A diagnosis of SZ can be made according to the criteria reported in the Diagnostic and Statistical Manual of Mental Disorders, Fourth Edition, Text Revision, American Psychiatric Association, 2000 (referred to herein as DSM-IV) as follows:

Diagnostic Criteria for SZ—All six criteria must be met for a diagnosis of SZ.

A. Characteristic symptoms: Two (or more) of the following, each present for a significant portion of time during a one month period (or less if successfully treated):

(1) delusions; (2) hallucinations; (3) disorganized speech (e.g., frequent derailment or incoherence); (4) grossly disorganized or catatonic behavior; (5) negative symptoms, e.g., affective flattening, alogia, or avolition.

Only one criterion A symptom is required if delusions are bizarre or hallucinations consist of a voice keeping up a running commentary on the person\'s behavior or thoughts, or two or more voices conversing with each other.

B. Social/occupational dysfunction: For a significant portion of the time since the onset of the disturbance, one or more major areas of functioning such as work, interpersonal relations, or self-care are markedly below the level achieved prior to the onset (or when the onset is in childhood or adolescence, failure to achieve expected level of interpersonal, academic, or occupational achievement).

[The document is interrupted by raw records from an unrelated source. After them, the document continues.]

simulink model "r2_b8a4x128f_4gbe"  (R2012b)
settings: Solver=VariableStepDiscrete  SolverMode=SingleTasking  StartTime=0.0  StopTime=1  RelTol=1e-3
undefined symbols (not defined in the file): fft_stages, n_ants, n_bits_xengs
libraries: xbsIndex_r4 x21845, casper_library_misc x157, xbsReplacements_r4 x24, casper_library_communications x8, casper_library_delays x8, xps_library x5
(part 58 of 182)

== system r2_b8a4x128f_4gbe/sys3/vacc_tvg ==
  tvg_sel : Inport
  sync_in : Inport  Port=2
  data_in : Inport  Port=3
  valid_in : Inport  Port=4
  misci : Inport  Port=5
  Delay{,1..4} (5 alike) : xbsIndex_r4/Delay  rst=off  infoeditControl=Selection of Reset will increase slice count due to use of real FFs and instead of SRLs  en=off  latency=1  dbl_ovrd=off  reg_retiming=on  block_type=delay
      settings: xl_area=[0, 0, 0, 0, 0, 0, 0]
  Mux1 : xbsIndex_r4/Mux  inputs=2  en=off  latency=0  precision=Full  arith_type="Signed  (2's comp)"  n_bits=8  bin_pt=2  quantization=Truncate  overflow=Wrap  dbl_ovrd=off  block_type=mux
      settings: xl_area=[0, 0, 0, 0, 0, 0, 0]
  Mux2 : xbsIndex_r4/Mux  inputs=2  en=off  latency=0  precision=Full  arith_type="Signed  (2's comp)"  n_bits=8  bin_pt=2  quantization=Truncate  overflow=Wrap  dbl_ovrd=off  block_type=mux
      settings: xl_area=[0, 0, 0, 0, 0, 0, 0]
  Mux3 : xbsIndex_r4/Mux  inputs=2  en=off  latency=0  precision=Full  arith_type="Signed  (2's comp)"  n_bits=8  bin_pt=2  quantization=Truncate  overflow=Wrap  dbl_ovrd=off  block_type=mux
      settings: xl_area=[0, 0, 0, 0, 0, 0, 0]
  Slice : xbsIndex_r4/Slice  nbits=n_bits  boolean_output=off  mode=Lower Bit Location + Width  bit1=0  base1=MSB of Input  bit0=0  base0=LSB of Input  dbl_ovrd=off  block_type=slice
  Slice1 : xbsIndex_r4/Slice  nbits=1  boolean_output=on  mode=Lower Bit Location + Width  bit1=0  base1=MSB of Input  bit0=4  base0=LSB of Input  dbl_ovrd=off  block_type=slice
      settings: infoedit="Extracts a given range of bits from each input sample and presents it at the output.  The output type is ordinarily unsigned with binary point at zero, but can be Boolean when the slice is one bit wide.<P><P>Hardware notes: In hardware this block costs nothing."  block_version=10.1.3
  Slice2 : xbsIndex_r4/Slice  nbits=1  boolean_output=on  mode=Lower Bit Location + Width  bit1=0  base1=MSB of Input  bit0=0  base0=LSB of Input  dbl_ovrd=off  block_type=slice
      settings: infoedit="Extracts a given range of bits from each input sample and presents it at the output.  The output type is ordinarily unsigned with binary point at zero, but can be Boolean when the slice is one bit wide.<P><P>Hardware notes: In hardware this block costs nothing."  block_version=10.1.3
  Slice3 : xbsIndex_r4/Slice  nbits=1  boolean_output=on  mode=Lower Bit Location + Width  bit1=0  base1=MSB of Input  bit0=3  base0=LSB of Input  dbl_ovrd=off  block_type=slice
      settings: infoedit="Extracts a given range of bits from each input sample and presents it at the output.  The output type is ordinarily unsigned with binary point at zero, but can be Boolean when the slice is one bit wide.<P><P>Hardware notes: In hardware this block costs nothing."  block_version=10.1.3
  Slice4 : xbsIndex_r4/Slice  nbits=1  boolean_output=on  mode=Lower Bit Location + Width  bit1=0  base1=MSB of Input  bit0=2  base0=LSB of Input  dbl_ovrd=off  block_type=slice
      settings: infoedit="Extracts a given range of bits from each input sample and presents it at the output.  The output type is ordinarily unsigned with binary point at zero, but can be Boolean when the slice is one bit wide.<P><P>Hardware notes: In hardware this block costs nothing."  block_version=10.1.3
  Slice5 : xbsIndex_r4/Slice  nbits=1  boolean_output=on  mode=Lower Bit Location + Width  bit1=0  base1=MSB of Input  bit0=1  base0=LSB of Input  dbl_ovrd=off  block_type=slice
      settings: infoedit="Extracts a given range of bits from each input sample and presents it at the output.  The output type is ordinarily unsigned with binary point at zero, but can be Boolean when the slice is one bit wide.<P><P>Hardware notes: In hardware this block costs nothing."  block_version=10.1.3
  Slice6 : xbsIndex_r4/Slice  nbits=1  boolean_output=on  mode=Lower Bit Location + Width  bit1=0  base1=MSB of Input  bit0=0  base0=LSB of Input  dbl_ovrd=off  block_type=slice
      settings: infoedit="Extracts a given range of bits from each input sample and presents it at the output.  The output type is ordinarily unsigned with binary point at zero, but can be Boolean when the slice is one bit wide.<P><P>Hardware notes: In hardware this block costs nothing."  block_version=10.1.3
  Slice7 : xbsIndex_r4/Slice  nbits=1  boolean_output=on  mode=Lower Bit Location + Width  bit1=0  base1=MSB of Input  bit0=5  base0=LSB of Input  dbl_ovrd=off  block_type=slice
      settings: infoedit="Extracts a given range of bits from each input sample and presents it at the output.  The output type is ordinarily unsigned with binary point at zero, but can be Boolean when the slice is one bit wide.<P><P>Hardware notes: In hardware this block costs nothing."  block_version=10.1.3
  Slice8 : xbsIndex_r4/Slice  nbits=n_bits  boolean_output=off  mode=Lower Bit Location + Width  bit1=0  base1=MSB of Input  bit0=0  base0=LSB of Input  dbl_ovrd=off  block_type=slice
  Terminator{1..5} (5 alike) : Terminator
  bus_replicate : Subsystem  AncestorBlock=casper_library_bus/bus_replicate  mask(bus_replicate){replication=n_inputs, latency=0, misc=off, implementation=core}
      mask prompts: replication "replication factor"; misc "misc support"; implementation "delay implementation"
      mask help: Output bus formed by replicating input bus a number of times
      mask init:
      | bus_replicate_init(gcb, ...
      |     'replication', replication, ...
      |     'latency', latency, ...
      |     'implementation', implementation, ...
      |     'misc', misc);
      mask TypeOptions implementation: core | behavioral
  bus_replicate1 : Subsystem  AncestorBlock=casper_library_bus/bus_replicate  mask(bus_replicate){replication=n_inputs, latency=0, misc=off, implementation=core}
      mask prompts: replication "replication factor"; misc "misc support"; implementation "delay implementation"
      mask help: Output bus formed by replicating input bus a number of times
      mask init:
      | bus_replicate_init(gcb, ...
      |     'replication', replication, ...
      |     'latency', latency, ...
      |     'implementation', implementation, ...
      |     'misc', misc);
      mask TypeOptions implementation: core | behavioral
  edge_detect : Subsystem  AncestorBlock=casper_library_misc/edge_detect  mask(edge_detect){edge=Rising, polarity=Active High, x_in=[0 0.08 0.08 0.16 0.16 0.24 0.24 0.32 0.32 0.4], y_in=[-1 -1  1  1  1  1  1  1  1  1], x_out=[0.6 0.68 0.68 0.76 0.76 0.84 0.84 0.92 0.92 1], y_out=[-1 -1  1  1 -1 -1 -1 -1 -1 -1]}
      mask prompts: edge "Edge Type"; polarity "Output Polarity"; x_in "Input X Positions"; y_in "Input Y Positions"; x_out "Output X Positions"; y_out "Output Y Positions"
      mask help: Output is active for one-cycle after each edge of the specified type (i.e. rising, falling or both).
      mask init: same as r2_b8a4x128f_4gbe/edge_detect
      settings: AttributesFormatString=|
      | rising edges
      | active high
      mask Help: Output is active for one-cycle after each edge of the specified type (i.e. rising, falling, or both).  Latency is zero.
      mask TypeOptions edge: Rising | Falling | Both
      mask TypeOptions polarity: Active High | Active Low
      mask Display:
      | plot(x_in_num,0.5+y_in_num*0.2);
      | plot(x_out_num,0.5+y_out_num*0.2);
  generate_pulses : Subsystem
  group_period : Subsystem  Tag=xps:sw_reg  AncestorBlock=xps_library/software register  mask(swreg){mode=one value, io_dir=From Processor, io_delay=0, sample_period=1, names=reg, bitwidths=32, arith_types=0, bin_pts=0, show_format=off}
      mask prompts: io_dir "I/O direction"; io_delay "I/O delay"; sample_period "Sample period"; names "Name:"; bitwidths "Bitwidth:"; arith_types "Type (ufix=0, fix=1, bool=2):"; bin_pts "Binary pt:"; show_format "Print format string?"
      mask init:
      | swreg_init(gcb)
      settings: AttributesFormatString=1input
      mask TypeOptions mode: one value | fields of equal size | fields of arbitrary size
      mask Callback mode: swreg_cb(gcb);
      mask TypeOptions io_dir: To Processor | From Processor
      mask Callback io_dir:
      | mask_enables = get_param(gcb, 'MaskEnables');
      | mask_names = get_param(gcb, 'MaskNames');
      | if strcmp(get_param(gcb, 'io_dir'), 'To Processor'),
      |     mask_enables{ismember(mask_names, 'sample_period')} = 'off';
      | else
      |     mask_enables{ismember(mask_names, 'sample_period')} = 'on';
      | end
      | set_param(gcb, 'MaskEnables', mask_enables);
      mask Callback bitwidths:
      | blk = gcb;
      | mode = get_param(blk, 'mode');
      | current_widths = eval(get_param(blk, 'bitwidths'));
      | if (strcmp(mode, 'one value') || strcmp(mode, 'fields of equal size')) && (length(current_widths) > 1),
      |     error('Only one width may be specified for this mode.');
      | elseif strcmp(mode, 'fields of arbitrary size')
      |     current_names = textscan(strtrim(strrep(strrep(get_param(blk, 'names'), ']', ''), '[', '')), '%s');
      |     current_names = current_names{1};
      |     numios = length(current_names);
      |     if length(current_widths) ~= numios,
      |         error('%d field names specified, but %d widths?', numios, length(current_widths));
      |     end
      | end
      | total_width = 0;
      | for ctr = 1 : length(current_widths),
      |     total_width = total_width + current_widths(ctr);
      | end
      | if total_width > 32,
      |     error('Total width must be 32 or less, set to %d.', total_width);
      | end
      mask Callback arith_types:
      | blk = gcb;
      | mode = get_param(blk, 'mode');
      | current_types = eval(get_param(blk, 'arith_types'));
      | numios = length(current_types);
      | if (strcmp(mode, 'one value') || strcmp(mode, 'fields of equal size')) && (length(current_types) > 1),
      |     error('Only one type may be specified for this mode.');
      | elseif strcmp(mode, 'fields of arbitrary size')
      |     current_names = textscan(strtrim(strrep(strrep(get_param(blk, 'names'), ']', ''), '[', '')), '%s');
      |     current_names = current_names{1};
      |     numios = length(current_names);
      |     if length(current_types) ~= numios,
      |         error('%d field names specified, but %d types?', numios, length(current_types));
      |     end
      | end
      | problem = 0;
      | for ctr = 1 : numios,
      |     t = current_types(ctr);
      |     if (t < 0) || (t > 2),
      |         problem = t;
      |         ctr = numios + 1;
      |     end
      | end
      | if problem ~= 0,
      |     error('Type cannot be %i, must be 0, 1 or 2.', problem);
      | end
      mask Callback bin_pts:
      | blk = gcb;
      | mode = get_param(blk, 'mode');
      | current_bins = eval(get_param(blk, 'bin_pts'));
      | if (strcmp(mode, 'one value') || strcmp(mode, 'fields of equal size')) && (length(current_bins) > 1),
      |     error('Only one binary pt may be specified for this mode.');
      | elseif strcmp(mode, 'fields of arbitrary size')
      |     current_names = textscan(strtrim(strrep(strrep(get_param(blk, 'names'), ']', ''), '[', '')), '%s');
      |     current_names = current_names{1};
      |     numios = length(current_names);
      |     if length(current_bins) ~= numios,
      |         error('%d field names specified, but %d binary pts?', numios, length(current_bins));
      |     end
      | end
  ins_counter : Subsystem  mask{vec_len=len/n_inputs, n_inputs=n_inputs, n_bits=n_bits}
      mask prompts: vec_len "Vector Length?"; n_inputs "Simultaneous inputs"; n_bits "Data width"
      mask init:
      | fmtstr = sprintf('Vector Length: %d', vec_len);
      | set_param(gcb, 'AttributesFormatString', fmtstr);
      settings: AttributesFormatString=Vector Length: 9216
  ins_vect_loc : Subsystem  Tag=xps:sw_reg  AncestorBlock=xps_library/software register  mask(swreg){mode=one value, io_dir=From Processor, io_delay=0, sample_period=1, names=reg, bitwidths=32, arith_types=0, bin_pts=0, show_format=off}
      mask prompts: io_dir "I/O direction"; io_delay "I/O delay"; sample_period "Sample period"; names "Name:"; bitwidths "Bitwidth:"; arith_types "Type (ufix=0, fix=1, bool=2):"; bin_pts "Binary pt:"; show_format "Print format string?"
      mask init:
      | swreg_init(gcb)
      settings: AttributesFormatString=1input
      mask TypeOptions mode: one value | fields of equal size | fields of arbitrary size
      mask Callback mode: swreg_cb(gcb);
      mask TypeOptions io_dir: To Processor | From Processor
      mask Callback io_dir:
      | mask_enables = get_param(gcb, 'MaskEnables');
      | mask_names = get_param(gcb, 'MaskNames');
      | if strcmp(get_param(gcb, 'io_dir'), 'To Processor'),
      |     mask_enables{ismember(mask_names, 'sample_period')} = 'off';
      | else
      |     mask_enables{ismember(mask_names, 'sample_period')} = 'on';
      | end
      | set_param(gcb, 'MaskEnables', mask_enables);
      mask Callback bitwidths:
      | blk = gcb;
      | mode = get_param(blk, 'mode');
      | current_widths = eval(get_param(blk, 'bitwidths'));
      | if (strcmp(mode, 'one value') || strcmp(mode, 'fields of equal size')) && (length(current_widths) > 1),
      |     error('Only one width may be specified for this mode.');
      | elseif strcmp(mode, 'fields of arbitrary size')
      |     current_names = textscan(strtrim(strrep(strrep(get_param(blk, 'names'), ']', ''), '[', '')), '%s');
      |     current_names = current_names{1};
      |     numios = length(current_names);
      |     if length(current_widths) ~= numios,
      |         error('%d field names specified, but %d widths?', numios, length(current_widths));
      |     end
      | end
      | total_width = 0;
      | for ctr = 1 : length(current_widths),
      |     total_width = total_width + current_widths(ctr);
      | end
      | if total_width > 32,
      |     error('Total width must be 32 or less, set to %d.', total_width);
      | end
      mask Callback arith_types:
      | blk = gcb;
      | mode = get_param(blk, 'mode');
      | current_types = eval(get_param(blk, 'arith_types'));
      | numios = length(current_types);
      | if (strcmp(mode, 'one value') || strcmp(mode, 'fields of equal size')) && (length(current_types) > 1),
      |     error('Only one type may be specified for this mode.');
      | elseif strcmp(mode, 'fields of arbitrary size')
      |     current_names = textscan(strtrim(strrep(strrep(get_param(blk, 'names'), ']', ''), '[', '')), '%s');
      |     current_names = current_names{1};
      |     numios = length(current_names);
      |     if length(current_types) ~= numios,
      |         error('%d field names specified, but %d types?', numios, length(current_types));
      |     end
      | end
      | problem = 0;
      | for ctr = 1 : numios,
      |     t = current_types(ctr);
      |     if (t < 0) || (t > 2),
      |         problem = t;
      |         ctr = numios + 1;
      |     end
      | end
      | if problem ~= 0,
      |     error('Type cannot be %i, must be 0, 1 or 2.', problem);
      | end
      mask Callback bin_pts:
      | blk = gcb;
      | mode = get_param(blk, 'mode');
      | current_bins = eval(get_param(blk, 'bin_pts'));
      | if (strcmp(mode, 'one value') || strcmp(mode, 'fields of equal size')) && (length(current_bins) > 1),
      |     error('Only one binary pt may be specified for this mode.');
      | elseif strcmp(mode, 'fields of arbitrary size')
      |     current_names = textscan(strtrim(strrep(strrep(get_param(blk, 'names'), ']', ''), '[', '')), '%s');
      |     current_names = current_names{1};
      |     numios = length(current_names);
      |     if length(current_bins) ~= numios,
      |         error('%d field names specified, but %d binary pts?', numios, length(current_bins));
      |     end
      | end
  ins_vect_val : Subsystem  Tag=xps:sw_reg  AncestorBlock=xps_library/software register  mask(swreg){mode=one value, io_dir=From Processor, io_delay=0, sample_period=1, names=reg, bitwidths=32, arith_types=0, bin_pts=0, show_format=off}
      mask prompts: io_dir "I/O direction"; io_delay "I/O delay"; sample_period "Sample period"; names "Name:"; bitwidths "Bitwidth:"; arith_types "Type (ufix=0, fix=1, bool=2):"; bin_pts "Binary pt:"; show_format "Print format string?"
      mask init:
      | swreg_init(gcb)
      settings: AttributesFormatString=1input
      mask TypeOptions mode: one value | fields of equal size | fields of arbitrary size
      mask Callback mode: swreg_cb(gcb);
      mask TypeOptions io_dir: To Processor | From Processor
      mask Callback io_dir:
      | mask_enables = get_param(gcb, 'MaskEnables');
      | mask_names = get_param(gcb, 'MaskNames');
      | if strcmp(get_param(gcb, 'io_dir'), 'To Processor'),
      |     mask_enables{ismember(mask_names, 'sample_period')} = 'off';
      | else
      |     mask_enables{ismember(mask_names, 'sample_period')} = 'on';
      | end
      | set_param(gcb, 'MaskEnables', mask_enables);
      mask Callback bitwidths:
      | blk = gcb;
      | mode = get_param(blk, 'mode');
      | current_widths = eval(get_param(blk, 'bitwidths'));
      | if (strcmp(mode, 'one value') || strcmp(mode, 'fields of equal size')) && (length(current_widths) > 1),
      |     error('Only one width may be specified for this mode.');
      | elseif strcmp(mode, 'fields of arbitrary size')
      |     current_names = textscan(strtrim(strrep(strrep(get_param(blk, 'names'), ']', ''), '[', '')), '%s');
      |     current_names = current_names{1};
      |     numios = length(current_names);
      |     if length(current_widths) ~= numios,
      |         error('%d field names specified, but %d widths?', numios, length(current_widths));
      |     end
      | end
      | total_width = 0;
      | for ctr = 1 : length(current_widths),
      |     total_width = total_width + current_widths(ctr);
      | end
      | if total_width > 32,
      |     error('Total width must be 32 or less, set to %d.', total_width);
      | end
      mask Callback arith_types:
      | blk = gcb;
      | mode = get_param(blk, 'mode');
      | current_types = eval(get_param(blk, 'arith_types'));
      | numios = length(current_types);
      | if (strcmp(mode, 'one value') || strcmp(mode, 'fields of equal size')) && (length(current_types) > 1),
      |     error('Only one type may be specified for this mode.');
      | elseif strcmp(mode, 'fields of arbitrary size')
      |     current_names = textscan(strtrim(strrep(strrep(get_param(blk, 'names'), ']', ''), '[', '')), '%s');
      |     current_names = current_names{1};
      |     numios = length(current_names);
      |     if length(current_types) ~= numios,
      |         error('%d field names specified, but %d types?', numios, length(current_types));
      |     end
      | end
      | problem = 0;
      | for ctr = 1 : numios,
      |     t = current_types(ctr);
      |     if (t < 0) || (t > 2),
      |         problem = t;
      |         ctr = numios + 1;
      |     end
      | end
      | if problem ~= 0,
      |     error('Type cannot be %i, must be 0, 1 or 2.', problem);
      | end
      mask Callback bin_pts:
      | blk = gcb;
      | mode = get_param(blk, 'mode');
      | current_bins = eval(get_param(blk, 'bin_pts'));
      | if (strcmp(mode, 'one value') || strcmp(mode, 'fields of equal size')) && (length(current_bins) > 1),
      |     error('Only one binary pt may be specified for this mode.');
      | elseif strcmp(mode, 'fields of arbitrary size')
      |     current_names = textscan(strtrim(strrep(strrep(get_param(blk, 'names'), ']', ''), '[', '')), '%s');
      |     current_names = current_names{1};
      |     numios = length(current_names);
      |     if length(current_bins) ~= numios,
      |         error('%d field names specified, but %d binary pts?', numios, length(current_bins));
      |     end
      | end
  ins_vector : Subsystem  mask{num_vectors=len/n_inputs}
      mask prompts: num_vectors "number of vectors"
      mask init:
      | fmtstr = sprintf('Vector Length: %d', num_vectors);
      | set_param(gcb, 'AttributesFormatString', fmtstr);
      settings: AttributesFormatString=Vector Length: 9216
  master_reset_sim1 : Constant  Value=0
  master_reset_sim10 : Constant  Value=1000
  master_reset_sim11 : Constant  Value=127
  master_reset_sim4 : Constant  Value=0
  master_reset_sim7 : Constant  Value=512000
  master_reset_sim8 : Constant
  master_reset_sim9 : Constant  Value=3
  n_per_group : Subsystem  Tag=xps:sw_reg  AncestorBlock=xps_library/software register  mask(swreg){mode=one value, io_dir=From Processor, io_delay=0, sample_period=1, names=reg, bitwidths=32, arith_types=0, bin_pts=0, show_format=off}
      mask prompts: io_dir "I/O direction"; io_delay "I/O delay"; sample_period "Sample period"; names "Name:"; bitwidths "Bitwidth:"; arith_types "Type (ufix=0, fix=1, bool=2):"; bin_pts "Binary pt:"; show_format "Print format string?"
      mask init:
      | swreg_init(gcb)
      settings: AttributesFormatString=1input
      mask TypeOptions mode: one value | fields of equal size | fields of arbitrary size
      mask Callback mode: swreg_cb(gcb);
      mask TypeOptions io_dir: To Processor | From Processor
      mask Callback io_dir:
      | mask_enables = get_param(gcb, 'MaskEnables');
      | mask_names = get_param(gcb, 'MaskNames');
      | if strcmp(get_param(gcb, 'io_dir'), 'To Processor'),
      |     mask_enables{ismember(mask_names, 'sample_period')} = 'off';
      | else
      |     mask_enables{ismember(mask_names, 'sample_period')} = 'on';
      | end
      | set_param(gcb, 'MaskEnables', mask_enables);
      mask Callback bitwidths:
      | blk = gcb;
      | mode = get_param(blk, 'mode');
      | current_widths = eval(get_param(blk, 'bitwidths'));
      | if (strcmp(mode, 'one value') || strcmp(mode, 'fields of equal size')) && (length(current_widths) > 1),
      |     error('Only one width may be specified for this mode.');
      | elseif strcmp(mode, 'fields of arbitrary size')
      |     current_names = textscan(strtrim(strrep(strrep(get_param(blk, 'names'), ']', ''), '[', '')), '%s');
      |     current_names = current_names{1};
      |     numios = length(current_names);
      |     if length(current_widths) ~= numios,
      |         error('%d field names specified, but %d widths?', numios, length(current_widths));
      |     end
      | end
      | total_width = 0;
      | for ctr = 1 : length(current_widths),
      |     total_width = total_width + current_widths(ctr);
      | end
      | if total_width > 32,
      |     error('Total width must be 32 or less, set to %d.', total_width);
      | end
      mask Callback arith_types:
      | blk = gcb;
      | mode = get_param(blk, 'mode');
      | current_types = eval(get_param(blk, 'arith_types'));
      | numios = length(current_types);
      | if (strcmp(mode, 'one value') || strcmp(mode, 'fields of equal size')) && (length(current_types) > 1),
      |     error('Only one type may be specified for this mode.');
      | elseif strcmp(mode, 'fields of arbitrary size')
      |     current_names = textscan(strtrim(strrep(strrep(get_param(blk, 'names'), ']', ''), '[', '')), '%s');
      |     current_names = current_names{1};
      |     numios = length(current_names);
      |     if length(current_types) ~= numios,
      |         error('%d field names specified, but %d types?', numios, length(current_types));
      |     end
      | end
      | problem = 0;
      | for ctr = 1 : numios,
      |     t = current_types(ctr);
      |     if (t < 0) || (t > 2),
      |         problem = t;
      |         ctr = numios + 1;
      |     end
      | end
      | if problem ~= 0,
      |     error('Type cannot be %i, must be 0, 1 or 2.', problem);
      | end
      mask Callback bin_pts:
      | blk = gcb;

C. Duration: Continuous signs of the disturbance persist for at least 6 months. This 6-month period must include at least 1 month of symptoms (or less if successfully treated) that meet Criterion A (i.e., active-phase symptoms) and may include periods of prodromal or residual symptoms. During these prodromal or residual periods, the signs of the disturbance may be manifested by only negative symptoms or two or more symptoms listed in Criterion A present in an attenuated form (e.g., odd beliefs, unusual perceptual experiences).

D. Schizoaffective and Mood Disorder Exclusion: Schizoaffective Disorder and Mood Disorder With Psychotic Features have been ruled out because either (1) no major depressive, manic, or mixed episodes have occurred concurrently with the active-phase symptoms; or (2) if mood episodes have occurred during active-phase symptoms, their total duration has been brief relative to the duration of the active and residual periods.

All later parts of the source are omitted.